Data section start

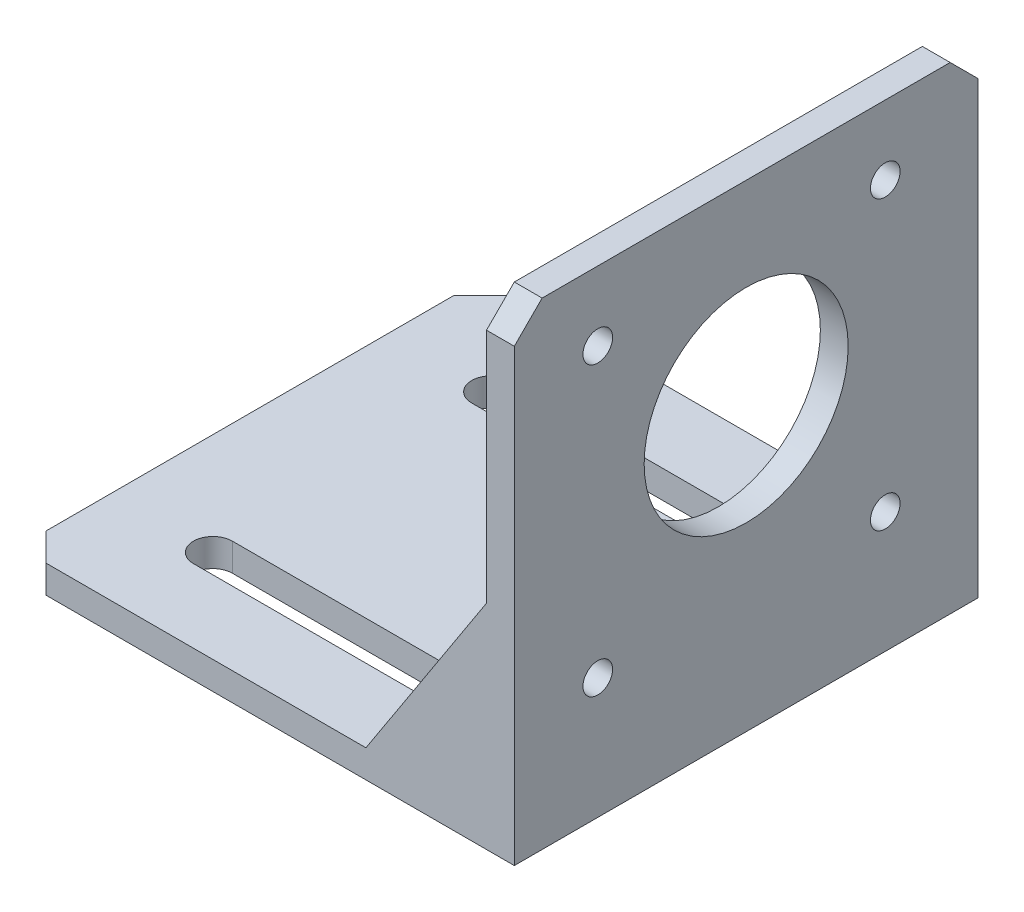
ISO-10303-21;
HEADER;
FILE_DESCRIPTION(('STEP AP214'),'2;1');
FILE_NAME('part.step','',(''),(''),'','','');
FILE_SCHEMA(('AUTOMOTIVE_DESIGN { 1 0 10303 214 1 1 1 1 }'));
ENDSEC;
DATA;
#1=APPLICATION_CONTEXT('core data for automotive mechanical design processes');
#2=APPLICATION_PROTOCOL_DEFINITION('international standard','automotive_design',2000,#1);
#3=PRODUCT_CONTEXT('',#1,'mechanical');
#4=PRODUCT('Part','Part','',(#3));
#5=PRODUCT_RELATED_PRODUCT_CATEGORY('part','',(#4));
#6=PRODUCT_DEFINITION_FORMATION('','',#4);
#7=PRODUCT_DEFINITION_CONTEXT('part definition',#1,'design');
#8=PRODUCT_DEFINITION('design','',#6,#7);
#9=PRODUCT_DEFINITION_SHAPE('','',#8);
#10=(LENGTH_UNIT() NAMED_UNIT(*) SI_UNIT(.MILLI.,.METRE.));
#11=(NAMED_UNIT(*) PLANE_ANGLE_UNIT() SI_UNIT($,.RADIAN.));
#12=(NAMED_UNIT(*) SI_UNIT($,.STERADIAN.) SOLID_ANGLE_UNIT());
#13=UNCERTAINTY_MEASURE_WITH_UNIT(LENGTH_MEASURE(1.E-05),#10,'distance_accuracy_value','');
#14=(GEOMETRIC_REPRESENTATION_CONTEXT(3) GLOBAL_UNCERTAINTY_ASSIGNED_CONTEXT((#13)) GLOBAL_UNIT_ASSIGNED_CONTEXT((#10,
#11,#12)) REPRESENTATION_CONTEXT('',''));
#15=CARTESIAN_POINT('',(0.,0.,0.));
#16=DIRECTION('',(0.,0.,1.));
#17=DIRECTION('',(1.,0.,0.));
#18=AXIS2_PLACEMENT_3D('',#15,#16,#17);
#19=CARTESIAN_POINT('',(0.,0.,50.));
#20=DIRECTION('',(0.,-1.,0.));
#21=DIRECTION('',(0.,0.,-1.));
#22=AXIS2_PLACEMENT_3D('',#19,#20,#21);
#23=PLANE('',#22);
#24=DIRECTION('',(-1.,0.,0.));
#25=VECTOR('',#24,1.);
#26=CARTESIAN_POINT('',(0.,0.,0.));
#27=LINE('',#26,#25);
#28=CARTESIAN_POINT('',(37.5,0.,0.));
#29=VERTEX_POINT('',#28);
#30=CARTESIAN_POINT('',(3.00000000000002,0.,0.));
#31=VERTEX_POINT('',#30);
#32=EDGE_CURVE('E440',#29,#31,#27,.T.);
#33=ORIENTED_EDGE('',*,*,#32,.T.);
#34=DIRECTION('',(-0.707106781186549,0.,0.707106781186546));
#35=VECTOR('',#34,1.);
#36=CARTESIAN_POINT('',(0.,0.,3.));
#37=LINE('',#36,#35);
#38=CARTESIAN_POINT('',(0.,0.,3.));
#39=VERTEX_POINT('',#38);
#40=EDGE_CURVE('E511',#31,#39,#37,.T.);
#41=ORIENTED_EDGE('',*,*,#40,.T.);
#42=DIRECTION('',(0.,0.,-1.));
#43=VECTOR('',#42,1.);
#44=CARTESIAN_POINT('',(0.,0.,50.));
#45=LINE('',#44,#43);
#46=CARTESIAN_POINT('',(0.,0.,47.));
#47=VERTEX_POINT('',#46);
#48=EDGE_CURVE('E443',#47,#39,#45,.T.);
#49=ORIENTED_EDGE('',*,*,#48,.F.);
#50=DIRECTION('',(-0.707106781186546,0.,-0.707106781186549));
#51=VECTOR('',#50,1.);
#52=CARTESIAN_POINT('',(3.,0.,50.));
#53=LINE('',#52,#51);
#54=CARTESIAN_POINT('',(3.,0.,50.));
#55=VERTEX_POINT('',#54);
#56=EDGE_CURVE('E509',#47,#55,#53,.F.);
#57=ORIENTED_EDGE('',*,*,#56,.T.);
#58=DIRECTION('',(-1.,0.,0.));
#59=VECTOR('',#58,1.);
#60=CARTESIAN_POINT('',(0.,0.,50.));
#61=LINE('',#60,#59);
#62=CARTESIAN_POINT('',(37.5,0.,50.));
#63=VERTEX_POINT('',#62);
#64=EDGE_CURVE('E347',#63,#55,#61,.T.);
#65=ORIENTED_EDGE('',*,*,#64,.F.);
#66=DIRECTION('',(0.,0.,-1.));
#67=VECTOR('',#66,1.);
#68=CARTESIAN_POINT('',(37.5,0.,50.));
#69=LINE('',#68,#67);
#70=CARTESIAN_POINT('',(37.5,0.,47.9));
#71=VERTEX_POINT('',#70);
#72=EDGE_CURVE('E356',#63,#71,#69,.T.);
#73=ORIENTED_EDGE('',*,*,#72,.T.);
#74=DIRECTION('',(-1.,0.,0.));
#75=VECTOR('',#74,1.);
#76=CARTESIAN_POINT('',(0.,0.,47.9));
#77=LINE('',#76,#75);
#78=CARTESIAN_POINT('',(50.5,0.,47.9));
#79=VERTEX_POINT('',#78);
#80=EDGE_CURVE('E371',#79,#71,#77,.T.);
#81=ORIENTED_EDGE('',*,*,#80,.F.);
#82=DIRECTION('',(0.,0.,-1.));
#83=VECTOR('',#82,1.);
#84=CARTESIAN_POINT('',(50.5,0.,50.));
#85=LINE('',#84,#83);
#86=CARTESIAN_POINT('',(50.5,0.,2.1));
#87=VERTEX_POINT('',#86);
#88=EDGE_CURVE('E453',#79,#87,#85,.T.);
#89=ORIENTED_EDGE('',*,*,#88,.T.);
#90=DIRECTION('',(1.,0.,0.));
#91=VECTOR('',#90,1.);
#92=CARTESIAN_POINT('',(0.,0.,2.1));
#93=LINE('',#92,#91);
#94=CARTESIAN_POINT('',(37.5,0.,2.1));
#95=VERTEX_POINT('',#94);
#96=EDGE_CURVE('E560',#95,#87,#93,.T.);
#97=ORIENTED_EDGE('',*,*,#96,.F.);
#98=DIRECTION('',(0.,0.,1.));
#99=VECTOR('',#98,1.);
#100=CARTESIAN_POINT('',(37.5,0.,50.));
#101=LINE('',#100,#99);
#102=EDGE_CURVE('E551',#95,#29,#101,.F.);
#103=ORIENTED_EDGE('',*,*,#102,.T.);
#104=EDGE_LOOP('',(#33,#41,#49,#57,#65,#73,#81,#89,#97,#103));
#105=FACE_BOUND('',#104,.T.);
#106=CARTESIAN_POINT('',(41.,0.,40.));
#107=DIRECTION('',(0.,1.,0.));
#108=DIRECTION('',(0.,0.,1.));
#109=AXIS2_PLACEMENT_3D('',#106,#107,#108);
#110=CIRCLE('',#109,2.1);
#111=CARTESIAN_POINT('',(41.,0.,42.1));
#112=VERTEX_POINT('',#111);
#113=CARTESIAN_POINT('',(41.,0.,37.9));
#114=VERTEX_POINT('',#113);
#115=EDGE_CURVE('E406',#112,#114,#110,.T.);
#116=ORIENTED_EDGE('',*,*,#115,.F.);
#117=DIRECTION('',(1.,0.,0.));
#118=VECTOR('',#117,1.);
#119=CARTESIAN_POINT('',(11.,0.,42.1));
#120=LINE('',#119,#118);
#121=CARTESIAN_POINT('',(11.,0.,42.1));
#122=VERTEX_POINT('',#121);
#123=EDGE_CURVE('E393',#122,#112,#120,.T.);
#124=ORIENTED_EDGE('',*,*,#123,.F.);
#125=CARTESIAN_POINT('',(11.,0.,40.));
#126=DIRECTION('',(0.,1.,0.));
#127=DIRECTION('',(0.,0.,1.));
#128=AXIS2_PLACEMENT_3D('',#125,#126,#127);
#129=CIRCLE('',#128,2.1);
#130=CARTESIAN_POINT('',(11.,0.,37.9));
#131=VERTEX_POINT('',#130);
#132=EDGE_CURVE('E398',#131,#122,#129,.T.);
#133=ORIENTED_EDGE('',*,*,#132,.F.);
#134=DIRECTION('',(1.,0.,0.));
#135=VECTOR('',#134,1.);
#136=CARTESIAN_POINT('',(11.,0.,37.9));
#137=LINE('',#136,#135);
#138=EDGE_CURVE('E395',#131,#114,#137,.T.);
#139=ORIENTED_EDGE('',*,*,#138,.T.);
#140=EDGE_LOOP('',(#116,#124,#133,#139));
#141=FACE_BOUND('',#140,.T.);
#142=DIRECTION('',(1.,0.,0.));
#143=VECTOR('',#142,1.);
#144=CARTESIAN_POINT('',(11.,0.,12.1));
#145=LINE('',#144,#143);
#146=CARTESIAN_POINT('',(11.,0.,12.1));
#147=VERTEX_POINT('',#146);
#148=CARTESIAN_POINT('',(41.,0.,12.1));
#149=VERTEX_POINT('',#148);
#150=EDGE_CURVE('E373',#147,#149,#145,.T.);
#151=ORIENTED_EDGE('',*,*,#150,.F.);
#152=CARTESIAN_POINT('',(11.,0.,10.));
#153=DIRECTION('',(0.,1.,0.));
#154=DIRECTION('',(0.,0.,1.));
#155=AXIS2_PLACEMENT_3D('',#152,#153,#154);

Data section end

• What you have to do
Nothing but the lines from the first line of the data through the line with "#6=PRODUCT_DEFINITION_FORMATION('','',#4);" belongs in the answer, copied exactly and without pictures.

• Answer space
ISO-10303-21;
HEADER;
FILE_DESCRIPTION(('STEP AP214'),'2;1');
FILE_NAME('part.step','',(''),(''),'','','');
FILE_SCHEMA(('AUTOMOTIVE_DESIGN { 1 0 10303 214 1 1 1 1 }'));
ENDSEC;
DATA;
#1=APPLICATION_CONTEXT('core data for automotive mechanical design processes');
#2=APPLICATION_PROTOCOL_DEFINITION('international standard','automotive_design',2000,#1);
#3=PRODUCT_CONTEXT('',#1,'mechanical');
#4=PRODUCT('Part','Part','',(#3));
#5=PRODUCT_RELATED_PRODUCT_CATEGORY('part','',(#4));
#6=PRODUCT_DEFINITION_FORMATION('','',#4);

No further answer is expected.